Barack Obama’s prospects lift as Republicans self-destruct

US Democrats were celebrating their revived prospects for the November mid-term elections yesterday.

A string of primary results put paid to the notion of an anti-establishment mood sweeping the country.

In the biggest race, in Colorado, President Barack Obama’s favoured candidate secured the Democratic Senate nomination, while the Republicans picked a maverick conservative with links to the Tea Party movement and questionable appeal to the mainstream electorate.

The result, mirrored by Republican races in three other states that nominated outsiders, suggests the supposed anti-establishment fervour is a Republican phenomenon that may hurt the party’s chances at the polls.

The Republicans are banking on an anti-Washington mood to help them overturn the Democratic majorities in the House of Representatives and the Senate.

Ken Buck, who won the Republican nomination in Colorado, was favoured by many in the conservative Tea Party movement, but he was shunned by most supporters of the mainstream Republican Party.

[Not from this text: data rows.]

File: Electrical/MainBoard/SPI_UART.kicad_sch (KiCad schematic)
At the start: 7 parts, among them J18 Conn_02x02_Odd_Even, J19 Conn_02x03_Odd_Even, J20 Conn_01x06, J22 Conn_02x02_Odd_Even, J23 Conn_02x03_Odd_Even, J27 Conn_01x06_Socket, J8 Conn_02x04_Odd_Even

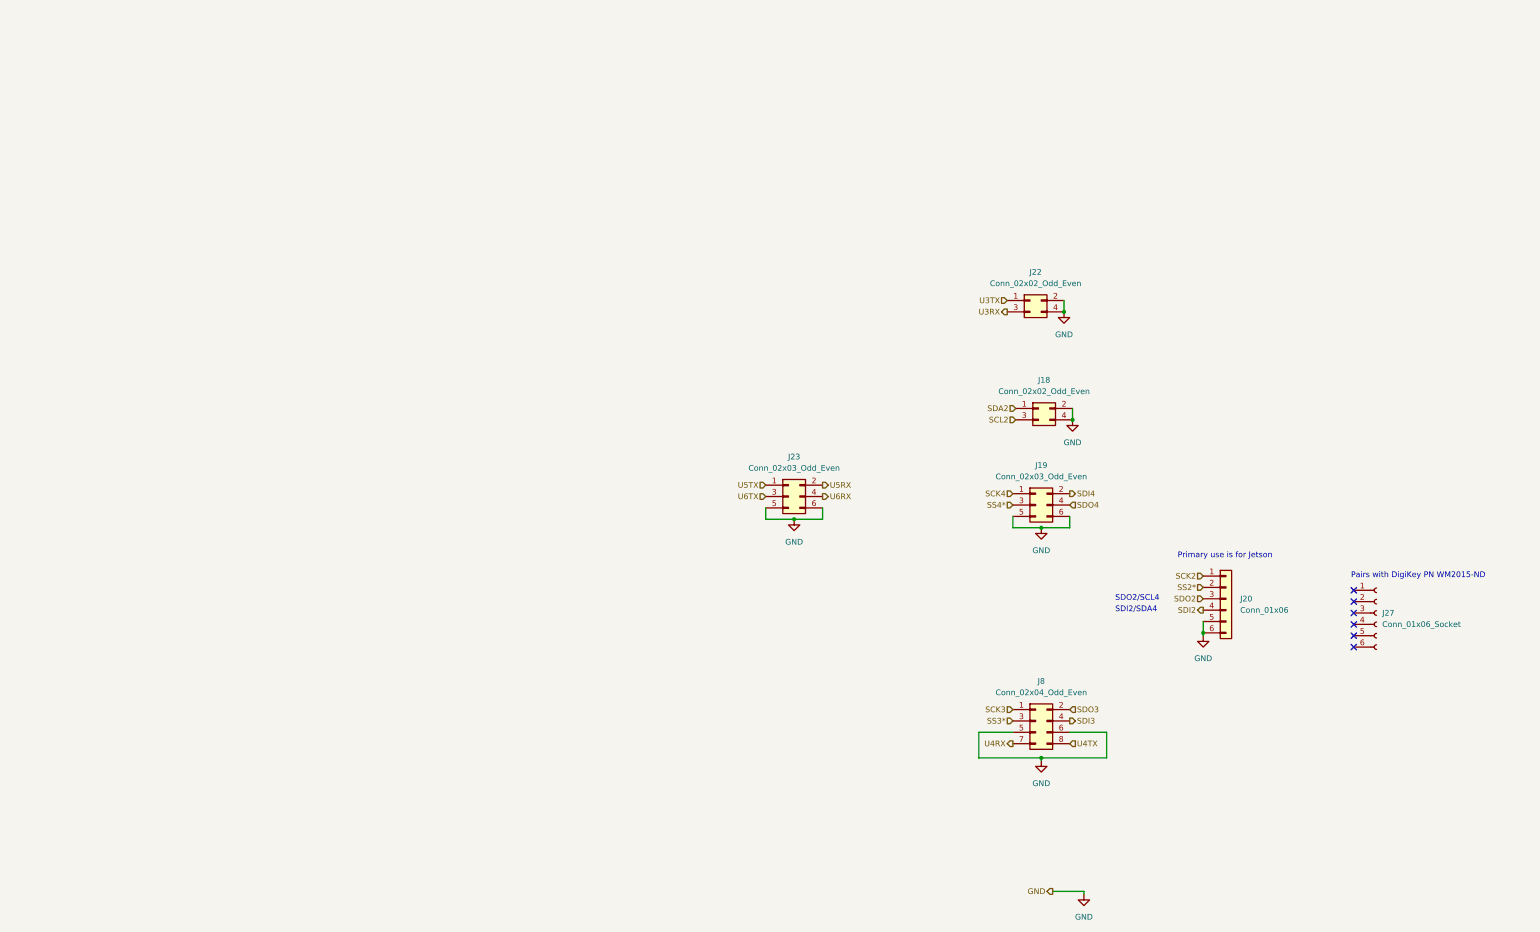
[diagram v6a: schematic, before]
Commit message: Fix SPI3 and make visual improvements
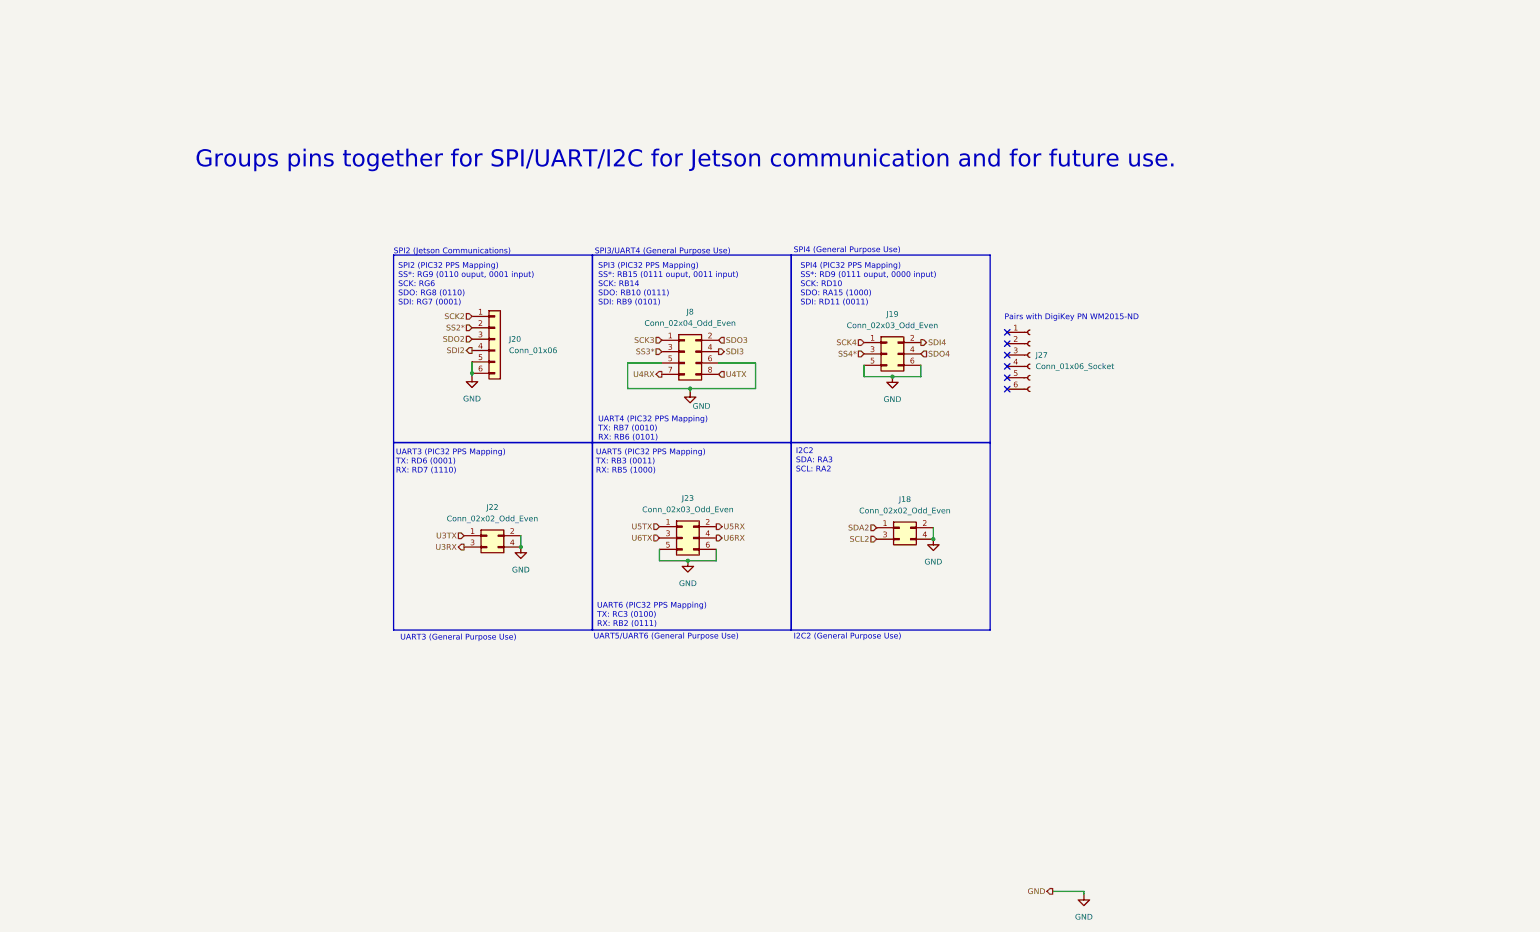
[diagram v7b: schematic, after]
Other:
- note added: "Groups pins together for SPI/UART/I2C for Jetson communication and for future use."
- note added: "I2C2 (General Purpose Use)"
- note added: "I2C2 SDA: RA3 SCL: RA2"
- note added: "SPI2 (Jetson Communications)"
- note added: "SPI2 (PIC32 PPS Mapping) SS*: RG9 (0110 ouput, 0001 input) SCK: RG6 SDO: RG8 (0110) SDI: RG7 (0001)"
- note added: "SPI3 (PIC32 PPS Mapping) SS*: RB15 (0111 ouput, 0011 input) SCK: RB14 SDO: RB10 (0111) SDI: RB9 (0101)"
- note added: "SPI3/UART4 (General Purpose Use)"
- note added: "SPI4 (General Purpose Use)"
- note added: "SPI4 (PIC32 PPS Mapping) SS*: RD9 (0111 ouput, 0000 input) SCK: RD10 SDO: RA15 (1000) SDI: RD11 (0011)"
- note added: "UART3 (General Purpose Use)"
- note added: "UART3 (PIC32 PPS Mapping) TX: RD6 (0001) RX: RD7 (1110)"
- note added: "UART4 (PIC32 PPS Mapping) TX: RB7 (0010) RX: RB6 (0101)"
- note added: "UART5 (PIC32 PPS Mapping) TX: RB3 (0011) RX: RB5 (1000)"
- note added: "UART5/UART6 (General Purpose Use)"
- note added: "UART6 (PIC32 PPS Mapping) TX: RC3 (0100) RX: RB2 (0111)"
- note removed: "Primary use is for Jetson"
- note removed: "SDI2/SDA4"
- note removed: "SDO2/SCL4"
- moved on the sheet: J18, J19, J20, J22, J23, J27, J8

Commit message: Update some parts
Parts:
- J18, J19, J22, J23, J8: now left out of the parts list
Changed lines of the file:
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@@
 		(unit 1)
 		(exclude_from_sim no)
-		(in_bom yes)
+		(in_bom no)
 		(on_board yes)
 		(dnp no)
@@
 		(unit 1)
 		(exclude_from_sim no)
-		(in_bom yes)
+		(in_bom no)
 		(on_board yes)
 		(dnp no)
@@
 		(unit 1)
 		(exclude_from_sim no)
-		(in_bom yes)
+		(in_bom no)
 		(on_board yes)
 		(dnp no)
@@
 		(unit 1)
 		(exclude_from_sim no)
-		(in_bom yes)
+		(in_bom no)
 		(on_board yes)
 		(dnp no)
@@
 		(unit 1)
 		(exclude_from_sim no)
-		(in_bom yes)
+		(in_bom no)
 		(on_board yes)
 		(dnp no)

Mr Buck is the fourth Tea Party candidate to win a Republican Senate nomination this year over the party leadership’s pick.

Mr Buck will go up against Democrat Michael Bennet, the incumbent Colorado senator, who retained the nomination despite a challenge by his rival Andrew Romanoff.

The White House backed Senator Bennet’s campaign, which paid off with a comfortable nine-point lead and a much-needed fillip for Mr Obama, whose support was seen as a double-edged sword for some candidates.

While the Republican nomination races reflect the growing strength of the party’s right wing, they highlight a potentially self-destructive trend in which activists repeatedly pick candidates on their anti-establishment credentials over those approved by the party as more electable.

Rand Paul, the conservative darling who won Kentucky’s Republican Senate nomination this year, was quickly shuffled out of the media glare by party officials after a series of gaffes, including his public questioning of the wisdom of the Civil Rights Act.

And Mr Buck was caught on tape last week saying he deserved the party nomination over his female rival because he did not “wear high heels”.

Republican voters showed a similar blindness to reality in their choice of candidate to run for Colorado governor.

A recent suggestion by Dan Maes that a bicycle-sharing scheme may “threaten our personal freedoms” and lead to greater UN influence in the US has only heightened the Republican fears about the gubernatorial race.

In Connecticut, the Republicans nominated another colourful but decidedly untested candidate to compete for the Senate seat being vacated by Democratic incumbent. Linda McMahon is former chief executive of World Wrestling Entertainment, which stages rigged fights featuring scantily clad women, wrestlers and dwarves bashing each other, sometimes with chairs.

She won easily after pouring millions of dollars of her money into the race, and has pledged to spend another $US50 million ($55.6m) on her Senate campaign. The Democrats say they will not hesitate to use her past against her in November’s poll.

“Connecticut Republicans today nominated a corporate CEO of WWE, under whose watch violence was peddled to kids, steroid abuse was rampant, yet she made millions,” said Robert Menendez, head of the Democratic Senatorial Campaign Committee. “McMahon has built an empire peddling violent, sexually explicit material that glorifies the exploitation of women and the mentally disabled.”